--- Task data ---
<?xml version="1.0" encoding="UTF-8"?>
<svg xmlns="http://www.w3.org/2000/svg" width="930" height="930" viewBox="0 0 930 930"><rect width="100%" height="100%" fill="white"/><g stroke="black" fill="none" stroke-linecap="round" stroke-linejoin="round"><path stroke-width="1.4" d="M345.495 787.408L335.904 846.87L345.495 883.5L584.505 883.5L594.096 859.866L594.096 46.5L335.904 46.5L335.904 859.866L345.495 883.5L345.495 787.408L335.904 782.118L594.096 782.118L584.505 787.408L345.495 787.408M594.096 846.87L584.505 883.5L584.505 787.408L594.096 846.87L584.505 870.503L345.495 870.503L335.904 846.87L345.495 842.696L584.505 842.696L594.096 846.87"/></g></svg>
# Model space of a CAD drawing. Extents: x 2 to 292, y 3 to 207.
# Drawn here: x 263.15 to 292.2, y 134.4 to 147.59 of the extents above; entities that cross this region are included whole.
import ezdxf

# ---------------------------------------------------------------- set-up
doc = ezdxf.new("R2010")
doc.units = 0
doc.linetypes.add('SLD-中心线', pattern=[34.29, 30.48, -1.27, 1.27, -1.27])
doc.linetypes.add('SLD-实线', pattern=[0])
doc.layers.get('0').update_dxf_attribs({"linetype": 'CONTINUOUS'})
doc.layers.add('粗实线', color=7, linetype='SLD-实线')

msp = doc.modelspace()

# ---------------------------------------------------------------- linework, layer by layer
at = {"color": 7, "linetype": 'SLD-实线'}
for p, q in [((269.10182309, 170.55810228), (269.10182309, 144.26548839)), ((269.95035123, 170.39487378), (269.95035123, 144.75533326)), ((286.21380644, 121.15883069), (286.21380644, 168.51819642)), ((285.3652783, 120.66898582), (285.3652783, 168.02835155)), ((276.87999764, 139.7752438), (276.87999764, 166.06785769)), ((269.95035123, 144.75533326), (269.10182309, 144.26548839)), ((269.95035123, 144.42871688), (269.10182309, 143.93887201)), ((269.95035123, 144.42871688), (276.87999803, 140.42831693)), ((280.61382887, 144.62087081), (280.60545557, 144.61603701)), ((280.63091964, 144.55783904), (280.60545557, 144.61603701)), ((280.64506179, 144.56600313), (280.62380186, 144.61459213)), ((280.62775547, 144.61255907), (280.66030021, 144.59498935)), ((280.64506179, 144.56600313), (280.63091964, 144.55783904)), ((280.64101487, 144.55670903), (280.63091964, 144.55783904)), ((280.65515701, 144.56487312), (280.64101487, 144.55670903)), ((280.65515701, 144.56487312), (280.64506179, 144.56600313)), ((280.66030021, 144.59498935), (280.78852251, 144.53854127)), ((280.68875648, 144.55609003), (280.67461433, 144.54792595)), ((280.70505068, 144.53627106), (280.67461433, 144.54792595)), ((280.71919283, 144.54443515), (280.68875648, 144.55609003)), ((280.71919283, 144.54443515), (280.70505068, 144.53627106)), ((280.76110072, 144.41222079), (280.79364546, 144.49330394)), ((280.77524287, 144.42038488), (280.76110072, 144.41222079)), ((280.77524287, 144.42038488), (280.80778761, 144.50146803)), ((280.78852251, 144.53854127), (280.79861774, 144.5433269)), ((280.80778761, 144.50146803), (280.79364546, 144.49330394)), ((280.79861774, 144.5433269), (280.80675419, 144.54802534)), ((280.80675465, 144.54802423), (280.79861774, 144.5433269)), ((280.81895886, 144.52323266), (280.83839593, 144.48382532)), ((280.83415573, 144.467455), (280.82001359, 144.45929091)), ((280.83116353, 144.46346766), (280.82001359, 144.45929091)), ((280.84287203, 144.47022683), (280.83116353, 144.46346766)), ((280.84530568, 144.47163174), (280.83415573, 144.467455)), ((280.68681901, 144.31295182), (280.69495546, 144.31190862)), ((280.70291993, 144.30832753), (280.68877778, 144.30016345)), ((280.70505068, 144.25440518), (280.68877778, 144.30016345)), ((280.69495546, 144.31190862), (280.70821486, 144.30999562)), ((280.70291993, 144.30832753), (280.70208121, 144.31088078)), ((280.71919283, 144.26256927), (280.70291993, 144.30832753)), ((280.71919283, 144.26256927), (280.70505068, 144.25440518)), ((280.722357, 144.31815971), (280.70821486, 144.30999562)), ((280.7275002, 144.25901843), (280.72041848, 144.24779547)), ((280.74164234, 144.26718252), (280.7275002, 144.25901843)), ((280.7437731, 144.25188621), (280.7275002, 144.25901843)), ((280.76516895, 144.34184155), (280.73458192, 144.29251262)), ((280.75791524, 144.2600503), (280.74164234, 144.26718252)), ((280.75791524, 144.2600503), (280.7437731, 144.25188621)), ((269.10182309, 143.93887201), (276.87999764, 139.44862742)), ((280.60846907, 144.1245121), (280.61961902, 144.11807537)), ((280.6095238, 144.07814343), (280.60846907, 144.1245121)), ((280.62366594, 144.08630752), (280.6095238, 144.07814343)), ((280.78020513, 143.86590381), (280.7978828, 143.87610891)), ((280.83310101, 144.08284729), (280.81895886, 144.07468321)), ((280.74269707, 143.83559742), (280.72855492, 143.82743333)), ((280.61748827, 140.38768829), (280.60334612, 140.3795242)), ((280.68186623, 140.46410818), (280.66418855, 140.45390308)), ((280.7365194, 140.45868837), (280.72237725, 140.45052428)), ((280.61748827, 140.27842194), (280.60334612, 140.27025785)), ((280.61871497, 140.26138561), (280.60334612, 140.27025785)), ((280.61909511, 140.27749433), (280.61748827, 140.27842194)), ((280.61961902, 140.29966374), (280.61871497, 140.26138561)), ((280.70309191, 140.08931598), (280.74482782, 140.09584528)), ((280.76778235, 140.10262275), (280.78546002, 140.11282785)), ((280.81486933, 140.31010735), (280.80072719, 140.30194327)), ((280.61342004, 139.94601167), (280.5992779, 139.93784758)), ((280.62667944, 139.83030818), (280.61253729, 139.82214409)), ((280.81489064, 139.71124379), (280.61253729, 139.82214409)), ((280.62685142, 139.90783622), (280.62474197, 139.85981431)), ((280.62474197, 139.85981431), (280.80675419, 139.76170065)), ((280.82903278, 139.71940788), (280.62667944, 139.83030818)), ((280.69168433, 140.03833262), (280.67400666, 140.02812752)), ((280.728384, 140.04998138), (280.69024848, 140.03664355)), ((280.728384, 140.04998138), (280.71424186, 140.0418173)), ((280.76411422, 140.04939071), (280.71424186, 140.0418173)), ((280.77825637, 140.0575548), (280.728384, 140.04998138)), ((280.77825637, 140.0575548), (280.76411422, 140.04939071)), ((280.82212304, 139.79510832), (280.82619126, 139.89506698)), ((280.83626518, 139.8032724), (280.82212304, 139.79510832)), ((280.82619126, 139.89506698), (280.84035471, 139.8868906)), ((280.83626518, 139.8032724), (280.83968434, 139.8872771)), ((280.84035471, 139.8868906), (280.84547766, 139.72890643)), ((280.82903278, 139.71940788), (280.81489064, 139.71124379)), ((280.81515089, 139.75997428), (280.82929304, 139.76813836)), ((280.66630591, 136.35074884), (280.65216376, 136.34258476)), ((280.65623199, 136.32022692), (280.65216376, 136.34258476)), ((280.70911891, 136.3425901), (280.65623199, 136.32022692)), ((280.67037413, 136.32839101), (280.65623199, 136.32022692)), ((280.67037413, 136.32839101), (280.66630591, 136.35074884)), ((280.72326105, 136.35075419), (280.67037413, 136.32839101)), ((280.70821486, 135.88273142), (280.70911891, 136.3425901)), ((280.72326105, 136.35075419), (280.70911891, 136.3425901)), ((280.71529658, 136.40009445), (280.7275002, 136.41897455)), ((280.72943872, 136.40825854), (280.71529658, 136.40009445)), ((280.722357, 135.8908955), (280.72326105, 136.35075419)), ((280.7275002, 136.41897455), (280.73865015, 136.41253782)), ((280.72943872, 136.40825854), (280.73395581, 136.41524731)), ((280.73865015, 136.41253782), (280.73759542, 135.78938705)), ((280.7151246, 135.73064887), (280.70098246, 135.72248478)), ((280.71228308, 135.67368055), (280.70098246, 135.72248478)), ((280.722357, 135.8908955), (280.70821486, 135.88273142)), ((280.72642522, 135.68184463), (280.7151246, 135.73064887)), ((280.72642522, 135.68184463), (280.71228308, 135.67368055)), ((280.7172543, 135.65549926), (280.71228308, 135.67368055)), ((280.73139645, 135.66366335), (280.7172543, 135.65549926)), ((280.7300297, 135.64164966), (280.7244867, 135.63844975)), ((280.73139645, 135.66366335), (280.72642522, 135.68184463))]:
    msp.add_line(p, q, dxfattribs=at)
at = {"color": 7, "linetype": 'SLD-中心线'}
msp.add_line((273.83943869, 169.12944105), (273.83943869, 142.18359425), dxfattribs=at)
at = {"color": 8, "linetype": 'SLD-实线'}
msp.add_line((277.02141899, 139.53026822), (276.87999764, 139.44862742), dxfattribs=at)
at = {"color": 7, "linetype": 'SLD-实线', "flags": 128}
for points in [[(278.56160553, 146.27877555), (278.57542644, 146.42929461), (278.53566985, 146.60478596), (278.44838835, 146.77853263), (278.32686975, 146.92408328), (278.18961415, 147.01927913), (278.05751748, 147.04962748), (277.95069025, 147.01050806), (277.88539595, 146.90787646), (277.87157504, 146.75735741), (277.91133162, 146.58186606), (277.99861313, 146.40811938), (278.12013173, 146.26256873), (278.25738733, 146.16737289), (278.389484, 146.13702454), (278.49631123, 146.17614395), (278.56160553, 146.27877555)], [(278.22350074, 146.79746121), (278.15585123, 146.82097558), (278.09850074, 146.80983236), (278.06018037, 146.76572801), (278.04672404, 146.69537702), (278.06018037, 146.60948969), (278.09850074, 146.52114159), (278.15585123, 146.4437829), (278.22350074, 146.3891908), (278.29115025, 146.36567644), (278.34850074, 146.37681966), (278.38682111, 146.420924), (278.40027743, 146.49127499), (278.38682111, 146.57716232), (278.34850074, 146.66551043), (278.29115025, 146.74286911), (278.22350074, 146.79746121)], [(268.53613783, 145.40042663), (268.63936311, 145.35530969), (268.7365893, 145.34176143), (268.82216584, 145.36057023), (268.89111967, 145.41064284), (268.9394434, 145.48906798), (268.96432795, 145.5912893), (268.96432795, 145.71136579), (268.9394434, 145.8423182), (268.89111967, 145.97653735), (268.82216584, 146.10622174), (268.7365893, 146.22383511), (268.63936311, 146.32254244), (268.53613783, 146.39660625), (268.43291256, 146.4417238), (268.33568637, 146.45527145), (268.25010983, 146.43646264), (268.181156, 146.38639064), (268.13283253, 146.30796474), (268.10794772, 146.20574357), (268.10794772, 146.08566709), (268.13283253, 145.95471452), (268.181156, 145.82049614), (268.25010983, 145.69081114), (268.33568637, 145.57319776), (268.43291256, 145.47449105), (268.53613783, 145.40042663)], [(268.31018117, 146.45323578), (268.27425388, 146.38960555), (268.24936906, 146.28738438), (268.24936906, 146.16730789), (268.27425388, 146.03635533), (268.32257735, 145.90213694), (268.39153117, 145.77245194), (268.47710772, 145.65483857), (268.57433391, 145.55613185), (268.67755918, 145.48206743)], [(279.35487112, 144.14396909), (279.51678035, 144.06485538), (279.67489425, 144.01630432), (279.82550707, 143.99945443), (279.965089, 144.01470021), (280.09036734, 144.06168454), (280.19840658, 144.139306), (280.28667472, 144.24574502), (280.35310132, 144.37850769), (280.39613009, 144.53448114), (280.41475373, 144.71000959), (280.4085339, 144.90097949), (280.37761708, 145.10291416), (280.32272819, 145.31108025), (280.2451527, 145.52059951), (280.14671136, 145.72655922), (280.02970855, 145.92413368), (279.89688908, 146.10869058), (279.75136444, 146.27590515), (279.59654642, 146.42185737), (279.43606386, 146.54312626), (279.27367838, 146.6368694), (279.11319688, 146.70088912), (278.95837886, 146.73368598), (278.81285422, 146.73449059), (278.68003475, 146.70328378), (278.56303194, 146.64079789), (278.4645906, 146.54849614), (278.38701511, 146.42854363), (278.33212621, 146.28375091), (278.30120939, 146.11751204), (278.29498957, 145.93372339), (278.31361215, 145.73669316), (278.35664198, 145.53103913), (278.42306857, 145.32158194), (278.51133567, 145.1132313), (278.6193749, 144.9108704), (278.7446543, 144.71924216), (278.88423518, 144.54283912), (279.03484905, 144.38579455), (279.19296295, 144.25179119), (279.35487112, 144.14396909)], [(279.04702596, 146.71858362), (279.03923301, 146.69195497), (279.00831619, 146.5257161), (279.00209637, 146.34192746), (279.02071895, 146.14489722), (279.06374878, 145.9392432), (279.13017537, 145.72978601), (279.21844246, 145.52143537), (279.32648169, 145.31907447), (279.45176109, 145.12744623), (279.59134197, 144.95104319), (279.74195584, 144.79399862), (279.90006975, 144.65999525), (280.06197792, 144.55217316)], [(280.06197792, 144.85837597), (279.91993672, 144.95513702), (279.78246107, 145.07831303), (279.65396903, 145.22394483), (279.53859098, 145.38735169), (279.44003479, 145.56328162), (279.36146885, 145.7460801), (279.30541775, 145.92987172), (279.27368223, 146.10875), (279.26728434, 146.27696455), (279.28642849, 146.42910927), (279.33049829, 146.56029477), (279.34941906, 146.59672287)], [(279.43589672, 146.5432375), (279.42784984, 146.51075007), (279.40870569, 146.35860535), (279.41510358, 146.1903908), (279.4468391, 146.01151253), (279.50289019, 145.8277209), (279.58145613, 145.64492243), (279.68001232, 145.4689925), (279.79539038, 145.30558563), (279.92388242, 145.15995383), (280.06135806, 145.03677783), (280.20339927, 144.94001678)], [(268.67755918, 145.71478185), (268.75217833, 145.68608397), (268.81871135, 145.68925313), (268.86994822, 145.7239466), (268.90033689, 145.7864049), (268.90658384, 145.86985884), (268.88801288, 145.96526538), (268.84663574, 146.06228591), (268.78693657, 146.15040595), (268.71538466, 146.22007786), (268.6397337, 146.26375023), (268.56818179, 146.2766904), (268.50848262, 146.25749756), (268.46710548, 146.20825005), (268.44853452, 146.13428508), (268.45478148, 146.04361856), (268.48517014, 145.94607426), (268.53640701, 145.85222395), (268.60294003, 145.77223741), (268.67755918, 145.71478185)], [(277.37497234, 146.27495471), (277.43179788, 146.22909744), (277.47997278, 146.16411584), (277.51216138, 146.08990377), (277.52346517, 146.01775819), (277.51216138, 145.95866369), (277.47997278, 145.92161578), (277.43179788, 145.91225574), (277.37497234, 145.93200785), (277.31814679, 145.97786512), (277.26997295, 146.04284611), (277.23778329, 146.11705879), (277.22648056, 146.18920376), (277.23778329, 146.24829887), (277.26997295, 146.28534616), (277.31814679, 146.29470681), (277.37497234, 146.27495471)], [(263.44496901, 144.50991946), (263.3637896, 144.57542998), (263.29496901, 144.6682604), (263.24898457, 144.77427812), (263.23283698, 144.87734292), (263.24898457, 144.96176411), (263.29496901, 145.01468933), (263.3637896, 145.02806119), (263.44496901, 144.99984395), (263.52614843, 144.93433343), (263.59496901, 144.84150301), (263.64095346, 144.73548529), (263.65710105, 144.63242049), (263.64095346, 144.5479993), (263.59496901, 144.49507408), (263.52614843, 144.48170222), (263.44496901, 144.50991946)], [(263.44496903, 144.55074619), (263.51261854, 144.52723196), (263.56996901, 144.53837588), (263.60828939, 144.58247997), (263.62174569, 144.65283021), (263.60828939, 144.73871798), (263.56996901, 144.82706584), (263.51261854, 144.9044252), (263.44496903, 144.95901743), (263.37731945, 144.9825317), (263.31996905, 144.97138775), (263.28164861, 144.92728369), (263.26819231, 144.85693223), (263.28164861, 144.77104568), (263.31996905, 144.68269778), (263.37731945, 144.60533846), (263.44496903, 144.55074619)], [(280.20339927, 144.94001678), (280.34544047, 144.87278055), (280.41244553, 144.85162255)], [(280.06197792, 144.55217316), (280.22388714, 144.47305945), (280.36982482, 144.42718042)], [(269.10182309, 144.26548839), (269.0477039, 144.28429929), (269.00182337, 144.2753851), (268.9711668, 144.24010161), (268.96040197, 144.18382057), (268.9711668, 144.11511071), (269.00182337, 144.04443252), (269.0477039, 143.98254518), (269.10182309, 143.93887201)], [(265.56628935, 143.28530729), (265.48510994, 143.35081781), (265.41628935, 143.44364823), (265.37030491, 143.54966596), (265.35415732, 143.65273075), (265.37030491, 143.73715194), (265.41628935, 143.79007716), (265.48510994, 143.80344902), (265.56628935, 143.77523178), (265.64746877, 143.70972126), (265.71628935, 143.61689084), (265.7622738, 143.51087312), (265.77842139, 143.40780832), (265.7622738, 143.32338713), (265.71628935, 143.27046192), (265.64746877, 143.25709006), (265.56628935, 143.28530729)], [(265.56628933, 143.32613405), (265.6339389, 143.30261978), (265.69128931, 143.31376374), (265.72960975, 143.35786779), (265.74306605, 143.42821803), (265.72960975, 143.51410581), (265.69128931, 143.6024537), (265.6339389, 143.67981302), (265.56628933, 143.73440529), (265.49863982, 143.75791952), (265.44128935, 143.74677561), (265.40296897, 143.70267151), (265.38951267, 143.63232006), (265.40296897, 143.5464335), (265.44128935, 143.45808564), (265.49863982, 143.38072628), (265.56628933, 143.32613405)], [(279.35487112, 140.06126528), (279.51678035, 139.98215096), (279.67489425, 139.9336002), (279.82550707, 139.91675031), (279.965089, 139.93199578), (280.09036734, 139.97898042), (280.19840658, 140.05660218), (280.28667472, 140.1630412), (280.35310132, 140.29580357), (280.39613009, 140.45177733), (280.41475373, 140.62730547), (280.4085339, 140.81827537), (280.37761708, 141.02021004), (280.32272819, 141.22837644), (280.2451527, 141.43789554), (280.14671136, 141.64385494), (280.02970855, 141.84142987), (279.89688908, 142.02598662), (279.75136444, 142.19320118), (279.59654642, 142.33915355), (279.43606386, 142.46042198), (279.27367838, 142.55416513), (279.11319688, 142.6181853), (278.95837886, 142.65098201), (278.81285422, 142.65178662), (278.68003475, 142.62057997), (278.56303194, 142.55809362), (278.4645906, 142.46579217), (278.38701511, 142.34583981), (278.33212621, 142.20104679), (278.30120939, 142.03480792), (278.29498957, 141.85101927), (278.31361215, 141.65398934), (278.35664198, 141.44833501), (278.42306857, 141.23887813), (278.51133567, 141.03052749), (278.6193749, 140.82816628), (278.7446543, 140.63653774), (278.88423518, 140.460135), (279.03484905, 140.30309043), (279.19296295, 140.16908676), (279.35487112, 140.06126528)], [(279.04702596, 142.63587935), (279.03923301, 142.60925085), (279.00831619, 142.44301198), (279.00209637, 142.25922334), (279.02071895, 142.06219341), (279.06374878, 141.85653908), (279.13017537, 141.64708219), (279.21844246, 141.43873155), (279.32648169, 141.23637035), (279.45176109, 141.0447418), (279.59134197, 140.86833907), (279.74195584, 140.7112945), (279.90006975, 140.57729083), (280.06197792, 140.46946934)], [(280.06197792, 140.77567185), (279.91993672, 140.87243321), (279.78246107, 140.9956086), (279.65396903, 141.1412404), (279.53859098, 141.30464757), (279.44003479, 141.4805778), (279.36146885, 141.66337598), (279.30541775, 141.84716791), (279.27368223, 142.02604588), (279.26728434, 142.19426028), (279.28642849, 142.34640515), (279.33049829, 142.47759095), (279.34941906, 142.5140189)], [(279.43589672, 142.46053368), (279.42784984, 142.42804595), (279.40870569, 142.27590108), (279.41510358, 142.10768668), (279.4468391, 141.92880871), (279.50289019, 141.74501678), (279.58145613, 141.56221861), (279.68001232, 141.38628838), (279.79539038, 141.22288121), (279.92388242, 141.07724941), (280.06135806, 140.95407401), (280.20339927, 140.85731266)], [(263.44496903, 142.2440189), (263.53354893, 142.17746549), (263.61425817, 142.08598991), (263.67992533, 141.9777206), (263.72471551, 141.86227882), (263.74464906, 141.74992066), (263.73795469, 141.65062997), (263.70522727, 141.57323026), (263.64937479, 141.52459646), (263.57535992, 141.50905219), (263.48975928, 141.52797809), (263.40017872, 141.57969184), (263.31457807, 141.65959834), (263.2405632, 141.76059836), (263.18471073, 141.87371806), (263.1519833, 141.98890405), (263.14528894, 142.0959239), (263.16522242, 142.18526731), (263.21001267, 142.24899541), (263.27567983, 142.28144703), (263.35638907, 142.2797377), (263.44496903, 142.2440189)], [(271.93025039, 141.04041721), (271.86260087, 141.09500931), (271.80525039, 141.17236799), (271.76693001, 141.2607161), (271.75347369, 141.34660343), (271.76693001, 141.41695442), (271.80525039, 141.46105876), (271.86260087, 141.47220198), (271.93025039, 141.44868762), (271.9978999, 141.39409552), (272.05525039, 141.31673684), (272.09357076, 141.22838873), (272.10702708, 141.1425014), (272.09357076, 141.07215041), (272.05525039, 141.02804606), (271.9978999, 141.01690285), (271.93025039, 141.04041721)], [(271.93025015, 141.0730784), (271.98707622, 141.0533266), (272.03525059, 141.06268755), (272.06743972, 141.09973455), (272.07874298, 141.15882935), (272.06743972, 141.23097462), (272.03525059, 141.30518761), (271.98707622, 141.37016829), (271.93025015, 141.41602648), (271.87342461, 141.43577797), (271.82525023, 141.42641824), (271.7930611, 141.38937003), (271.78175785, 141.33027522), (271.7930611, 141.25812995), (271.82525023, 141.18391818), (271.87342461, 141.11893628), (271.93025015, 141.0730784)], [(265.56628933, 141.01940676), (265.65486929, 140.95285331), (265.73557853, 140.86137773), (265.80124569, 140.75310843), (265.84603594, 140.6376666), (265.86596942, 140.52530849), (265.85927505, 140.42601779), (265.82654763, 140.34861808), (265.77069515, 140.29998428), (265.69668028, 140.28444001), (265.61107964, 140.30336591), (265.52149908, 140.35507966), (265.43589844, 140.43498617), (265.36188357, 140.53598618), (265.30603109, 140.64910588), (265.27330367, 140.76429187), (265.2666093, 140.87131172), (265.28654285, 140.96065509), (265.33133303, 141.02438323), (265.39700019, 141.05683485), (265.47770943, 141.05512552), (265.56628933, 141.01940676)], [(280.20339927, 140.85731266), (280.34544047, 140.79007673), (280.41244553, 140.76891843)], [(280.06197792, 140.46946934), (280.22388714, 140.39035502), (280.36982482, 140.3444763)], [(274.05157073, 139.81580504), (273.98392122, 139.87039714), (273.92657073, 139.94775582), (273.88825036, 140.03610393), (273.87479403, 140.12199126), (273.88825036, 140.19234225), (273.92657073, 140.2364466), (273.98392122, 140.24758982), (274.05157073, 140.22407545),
---
**Required work**.
Line count for "layers": count the lines in the records above that hold this word, and give only the number.

**Solution to this problem**.
2